Gasoline shortages and violence on the margins of student protests have heightened the standoff between the government and labor unions who see retirement at 60 as a hard-earned right.

New violence broke out in Lyon, as police chased rampaging youths who overturned a car and hurled bottles. Riot officers tried to subdue the violence with tear gas. A gendarme helicopter circled overhead.

Wow.  If it wasn’t for the Lady Gaga and the airport and the gas stations and the police helicopter, you’d think the sans-culottes were making another revolution.  It brings to mind the classic lyrics of Adam and the Ants’ classic Ant Rap (my sister was a BIG fan):

Liberté, égalité, au jourd’hui c’est tres tres tres

Voici l’opportunite nous incroyables!

But this ain’t the 18th century.  And famine isn’t a way of life for the masses.  No.  In fact, life is pretty darn good.  No 18th century peasant lived as grand.  In fact, the life they’re protesting about today was closer to the French nobility than it was to the Third Estate in 1789.  These aren’t food riots.  This generation just doesn’t want to work another 2 years before retirement. 

It would appear that these protestors don’t understand the intricacies of a market economy.  Perhaps they have lived too long in a quasi-socialist state.  Been brainwashed by their unions.  Or maybe they just don’t care.  As long as they get their benefits now they don’t care how they impoverish future generations.  It’s a pity.  How a minority of the French people can destroy a great nation. 

Good Work if You Can Get it – and You Can Get it if You Belong to a Public Sector Union

One wonders how people can resort to violence.  Of course, when you consider how much better the public sector lives than the private sector, you wonder how this hasn’t exploded earlier.  Let’s go across the pond.  To New Jersey.  But first, if you work in the private sector, pause for a moment and think about your pay and benefits.  How hard you work and how little time you get off.  Feel overworked and underpaid?  If you worked a 60-hour week or two, you probably do.  Now, think about the last time some public sector union went on strike.  When they asked you to feel their pain.  To support their cause.  Okay, now read this excerpt from a My FOX New York article by Luke Funk (see Audit: NJ Turnpike Wasted Millions On Perks on www.myfoxny.com):

MYFOXNY.COM – Auditors say the New Jersey Turnpike Authority wasted $43 million on unneeded perks and bonuses.  In one case, an employee with a base salary of $73,469 earned $321,985 when all payouts and bonuses were included.

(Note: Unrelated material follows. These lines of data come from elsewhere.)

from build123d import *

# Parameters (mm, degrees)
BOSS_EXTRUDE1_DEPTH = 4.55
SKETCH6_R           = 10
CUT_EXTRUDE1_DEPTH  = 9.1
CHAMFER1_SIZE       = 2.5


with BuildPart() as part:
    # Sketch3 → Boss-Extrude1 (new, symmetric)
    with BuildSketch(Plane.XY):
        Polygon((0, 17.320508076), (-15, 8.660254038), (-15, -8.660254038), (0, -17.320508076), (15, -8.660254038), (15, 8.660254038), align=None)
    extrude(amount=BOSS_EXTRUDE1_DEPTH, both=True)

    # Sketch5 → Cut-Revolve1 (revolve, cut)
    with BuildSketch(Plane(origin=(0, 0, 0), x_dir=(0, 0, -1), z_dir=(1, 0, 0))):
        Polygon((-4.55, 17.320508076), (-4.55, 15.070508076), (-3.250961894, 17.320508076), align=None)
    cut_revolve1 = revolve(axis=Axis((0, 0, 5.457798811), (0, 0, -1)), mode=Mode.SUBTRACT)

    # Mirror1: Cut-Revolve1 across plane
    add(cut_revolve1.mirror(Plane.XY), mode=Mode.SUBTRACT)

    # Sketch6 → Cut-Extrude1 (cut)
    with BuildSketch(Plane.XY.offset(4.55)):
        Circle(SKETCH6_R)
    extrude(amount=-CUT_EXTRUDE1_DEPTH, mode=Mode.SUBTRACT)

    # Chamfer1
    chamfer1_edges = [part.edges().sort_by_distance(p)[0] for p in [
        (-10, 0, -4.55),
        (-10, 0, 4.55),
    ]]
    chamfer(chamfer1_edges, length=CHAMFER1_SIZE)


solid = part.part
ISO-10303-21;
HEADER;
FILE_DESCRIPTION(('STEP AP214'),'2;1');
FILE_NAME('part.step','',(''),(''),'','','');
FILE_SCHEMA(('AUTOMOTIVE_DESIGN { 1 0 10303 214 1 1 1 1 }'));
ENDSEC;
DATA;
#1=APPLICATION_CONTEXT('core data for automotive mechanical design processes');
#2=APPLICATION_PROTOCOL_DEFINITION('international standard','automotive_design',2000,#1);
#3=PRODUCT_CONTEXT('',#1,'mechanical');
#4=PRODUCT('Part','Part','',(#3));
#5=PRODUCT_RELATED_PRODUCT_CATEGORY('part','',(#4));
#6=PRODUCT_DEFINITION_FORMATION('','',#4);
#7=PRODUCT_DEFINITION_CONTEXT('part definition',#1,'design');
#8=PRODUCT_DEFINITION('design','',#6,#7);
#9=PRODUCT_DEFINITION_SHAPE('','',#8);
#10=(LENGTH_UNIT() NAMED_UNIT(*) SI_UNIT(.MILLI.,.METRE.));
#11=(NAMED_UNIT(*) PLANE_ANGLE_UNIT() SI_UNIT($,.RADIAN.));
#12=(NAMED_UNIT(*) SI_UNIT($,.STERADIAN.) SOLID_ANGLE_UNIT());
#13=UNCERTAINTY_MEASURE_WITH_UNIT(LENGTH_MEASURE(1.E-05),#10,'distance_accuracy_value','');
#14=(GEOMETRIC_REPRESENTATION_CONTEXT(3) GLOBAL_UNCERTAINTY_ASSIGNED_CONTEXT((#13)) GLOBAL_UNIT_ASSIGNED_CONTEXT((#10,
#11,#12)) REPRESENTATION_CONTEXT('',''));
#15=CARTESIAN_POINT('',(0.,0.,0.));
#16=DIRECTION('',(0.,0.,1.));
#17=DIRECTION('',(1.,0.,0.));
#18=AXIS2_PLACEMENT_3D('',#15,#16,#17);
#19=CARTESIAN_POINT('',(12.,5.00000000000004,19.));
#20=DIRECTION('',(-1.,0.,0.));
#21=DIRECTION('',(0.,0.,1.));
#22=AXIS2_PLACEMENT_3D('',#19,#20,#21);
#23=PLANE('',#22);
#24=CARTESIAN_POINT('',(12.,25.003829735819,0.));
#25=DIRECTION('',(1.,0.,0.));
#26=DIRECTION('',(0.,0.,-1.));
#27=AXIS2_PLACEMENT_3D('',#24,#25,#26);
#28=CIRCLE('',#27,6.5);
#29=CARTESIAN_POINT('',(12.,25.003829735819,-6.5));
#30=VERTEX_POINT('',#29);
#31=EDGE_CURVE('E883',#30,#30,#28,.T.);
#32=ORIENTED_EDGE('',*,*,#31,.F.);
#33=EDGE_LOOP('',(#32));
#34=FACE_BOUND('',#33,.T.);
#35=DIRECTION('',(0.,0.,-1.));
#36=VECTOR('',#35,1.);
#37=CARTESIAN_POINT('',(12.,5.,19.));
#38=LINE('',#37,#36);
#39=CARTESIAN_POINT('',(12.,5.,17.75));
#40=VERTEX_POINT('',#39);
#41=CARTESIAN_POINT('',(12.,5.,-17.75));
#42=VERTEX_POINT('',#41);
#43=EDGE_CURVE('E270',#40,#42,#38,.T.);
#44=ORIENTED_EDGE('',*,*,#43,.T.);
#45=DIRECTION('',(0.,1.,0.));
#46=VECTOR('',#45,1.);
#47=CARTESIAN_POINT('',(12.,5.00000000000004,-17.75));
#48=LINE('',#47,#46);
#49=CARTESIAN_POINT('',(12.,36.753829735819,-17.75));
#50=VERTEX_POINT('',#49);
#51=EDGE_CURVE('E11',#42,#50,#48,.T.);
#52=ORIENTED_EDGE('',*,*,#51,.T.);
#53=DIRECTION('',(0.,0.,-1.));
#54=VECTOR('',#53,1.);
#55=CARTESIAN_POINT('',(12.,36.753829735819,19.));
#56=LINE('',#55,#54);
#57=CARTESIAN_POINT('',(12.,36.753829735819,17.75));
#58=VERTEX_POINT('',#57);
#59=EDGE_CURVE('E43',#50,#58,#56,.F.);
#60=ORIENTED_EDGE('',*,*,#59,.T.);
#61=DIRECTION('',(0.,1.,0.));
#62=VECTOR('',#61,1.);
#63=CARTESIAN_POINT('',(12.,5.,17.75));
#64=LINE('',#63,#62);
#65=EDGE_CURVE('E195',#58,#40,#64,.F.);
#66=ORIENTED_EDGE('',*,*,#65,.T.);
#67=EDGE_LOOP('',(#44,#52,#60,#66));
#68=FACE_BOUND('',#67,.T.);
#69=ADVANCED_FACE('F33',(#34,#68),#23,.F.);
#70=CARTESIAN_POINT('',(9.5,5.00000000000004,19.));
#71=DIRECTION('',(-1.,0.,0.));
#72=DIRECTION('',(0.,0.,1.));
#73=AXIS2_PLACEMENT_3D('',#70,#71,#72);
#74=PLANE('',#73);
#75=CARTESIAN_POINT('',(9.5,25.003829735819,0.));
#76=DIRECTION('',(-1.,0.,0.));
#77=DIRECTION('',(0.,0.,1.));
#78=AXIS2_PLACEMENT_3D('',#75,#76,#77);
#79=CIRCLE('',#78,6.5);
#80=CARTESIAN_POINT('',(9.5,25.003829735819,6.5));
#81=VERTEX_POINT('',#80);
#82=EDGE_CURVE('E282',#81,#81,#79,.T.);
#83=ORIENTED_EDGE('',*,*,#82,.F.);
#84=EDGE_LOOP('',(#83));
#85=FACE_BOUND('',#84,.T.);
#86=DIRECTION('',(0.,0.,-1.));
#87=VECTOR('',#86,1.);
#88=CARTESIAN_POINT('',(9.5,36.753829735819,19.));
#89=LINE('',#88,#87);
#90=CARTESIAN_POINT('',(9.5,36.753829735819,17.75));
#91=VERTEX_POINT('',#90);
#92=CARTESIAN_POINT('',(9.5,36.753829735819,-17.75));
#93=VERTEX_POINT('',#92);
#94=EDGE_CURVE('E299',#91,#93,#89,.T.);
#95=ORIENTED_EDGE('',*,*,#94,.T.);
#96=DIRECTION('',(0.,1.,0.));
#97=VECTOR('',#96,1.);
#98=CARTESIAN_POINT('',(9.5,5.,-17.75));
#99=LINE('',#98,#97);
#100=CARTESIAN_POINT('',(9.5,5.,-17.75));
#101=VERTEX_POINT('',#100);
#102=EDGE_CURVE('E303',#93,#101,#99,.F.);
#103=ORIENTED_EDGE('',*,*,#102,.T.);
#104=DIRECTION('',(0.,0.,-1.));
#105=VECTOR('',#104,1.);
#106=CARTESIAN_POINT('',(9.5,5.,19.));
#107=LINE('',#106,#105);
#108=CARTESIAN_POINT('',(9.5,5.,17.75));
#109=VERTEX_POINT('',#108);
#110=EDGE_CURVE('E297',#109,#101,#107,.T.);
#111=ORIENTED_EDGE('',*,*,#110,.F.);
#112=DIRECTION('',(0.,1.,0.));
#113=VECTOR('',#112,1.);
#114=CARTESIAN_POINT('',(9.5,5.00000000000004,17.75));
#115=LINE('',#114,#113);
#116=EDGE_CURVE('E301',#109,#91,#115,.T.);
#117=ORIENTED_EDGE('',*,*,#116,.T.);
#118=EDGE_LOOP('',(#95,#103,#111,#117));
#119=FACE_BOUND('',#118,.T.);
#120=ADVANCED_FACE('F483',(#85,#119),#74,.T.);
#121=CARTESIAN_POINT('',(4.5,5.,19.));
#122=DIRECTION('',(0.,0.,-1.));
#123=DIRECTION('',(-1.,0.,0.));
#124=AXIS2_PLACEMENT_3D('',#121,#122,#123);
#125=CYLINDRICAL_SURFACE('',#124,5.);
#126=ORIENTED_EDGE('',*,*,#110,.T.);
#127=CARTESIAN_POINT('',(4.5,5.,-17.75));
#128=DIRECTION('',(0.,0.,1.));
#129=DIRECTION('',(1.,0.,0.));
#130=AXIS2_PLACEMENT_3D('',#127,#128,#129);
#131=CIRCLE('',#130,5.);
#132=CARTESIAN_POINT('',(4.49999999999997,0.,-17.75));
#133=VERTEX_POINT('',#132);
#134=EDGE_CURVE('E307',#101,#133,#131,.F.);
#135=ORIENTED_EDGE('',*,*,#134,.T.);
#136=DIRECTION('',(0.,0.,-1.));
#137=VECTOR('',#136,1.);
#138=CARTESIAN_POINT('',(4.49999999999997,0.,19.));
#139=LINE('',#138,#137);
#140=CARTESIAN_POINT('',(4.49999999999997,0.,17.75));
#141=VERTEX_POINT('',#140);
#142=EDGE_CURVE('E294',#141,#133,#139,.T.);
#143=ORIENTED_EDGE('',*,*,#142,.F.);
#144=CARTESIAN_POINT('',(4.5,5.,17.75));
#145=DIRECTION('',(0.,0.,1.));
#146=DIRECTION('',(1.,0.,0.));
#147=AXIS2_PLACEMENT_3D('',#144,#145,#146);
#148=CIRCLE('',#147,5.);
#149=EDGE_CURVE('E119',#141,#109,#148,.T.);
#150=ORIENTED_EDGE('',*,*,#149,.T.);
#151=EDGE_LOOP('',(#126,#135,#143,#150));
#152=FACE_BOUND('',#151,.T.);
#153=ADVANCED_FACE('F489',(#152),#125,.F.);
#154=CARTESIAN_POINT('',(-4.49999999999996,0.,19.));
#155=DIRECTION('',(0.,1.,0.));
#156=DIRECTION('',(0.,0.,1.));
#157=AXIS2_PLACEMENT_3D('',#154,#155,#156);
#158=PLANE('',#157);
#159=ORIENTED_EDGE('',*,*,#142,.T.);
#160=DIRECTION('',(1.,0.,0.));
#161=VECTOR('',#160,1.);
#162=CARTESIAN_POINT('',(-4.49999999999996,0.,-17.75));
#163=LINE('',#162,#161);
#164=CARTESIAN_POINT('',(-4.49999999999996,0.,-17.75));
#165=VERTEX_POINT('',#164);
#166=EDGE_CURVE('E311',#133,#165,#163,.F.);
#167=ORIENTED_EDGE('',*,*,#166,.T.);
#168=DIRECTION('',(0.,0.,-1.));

How does that make you feel?  Think about this the next time you get change from the person sitting in a New Jersey toll booth.  Think about your skill level and your pay.  Then think about the toll booth occupant’s skill level and pay.  Now switch places and imagine someone wanting to cut your pay and benefits.  I mean, if someone was trying to cut your pay by, say, $300,000 because the state is on the brink of bankruptcy, what would you do?  Start looking in the want ads for another unskilled job that pays 3-5 times of a skilled job in the private sector?  Or are you going to do what the French are doing?

Is it any wonder Europe is burning?  First Greece.  Now France.  You get pay and benefits like this and you live like royalty.  And one thing about royalty.  They don’t abdicate without a fight.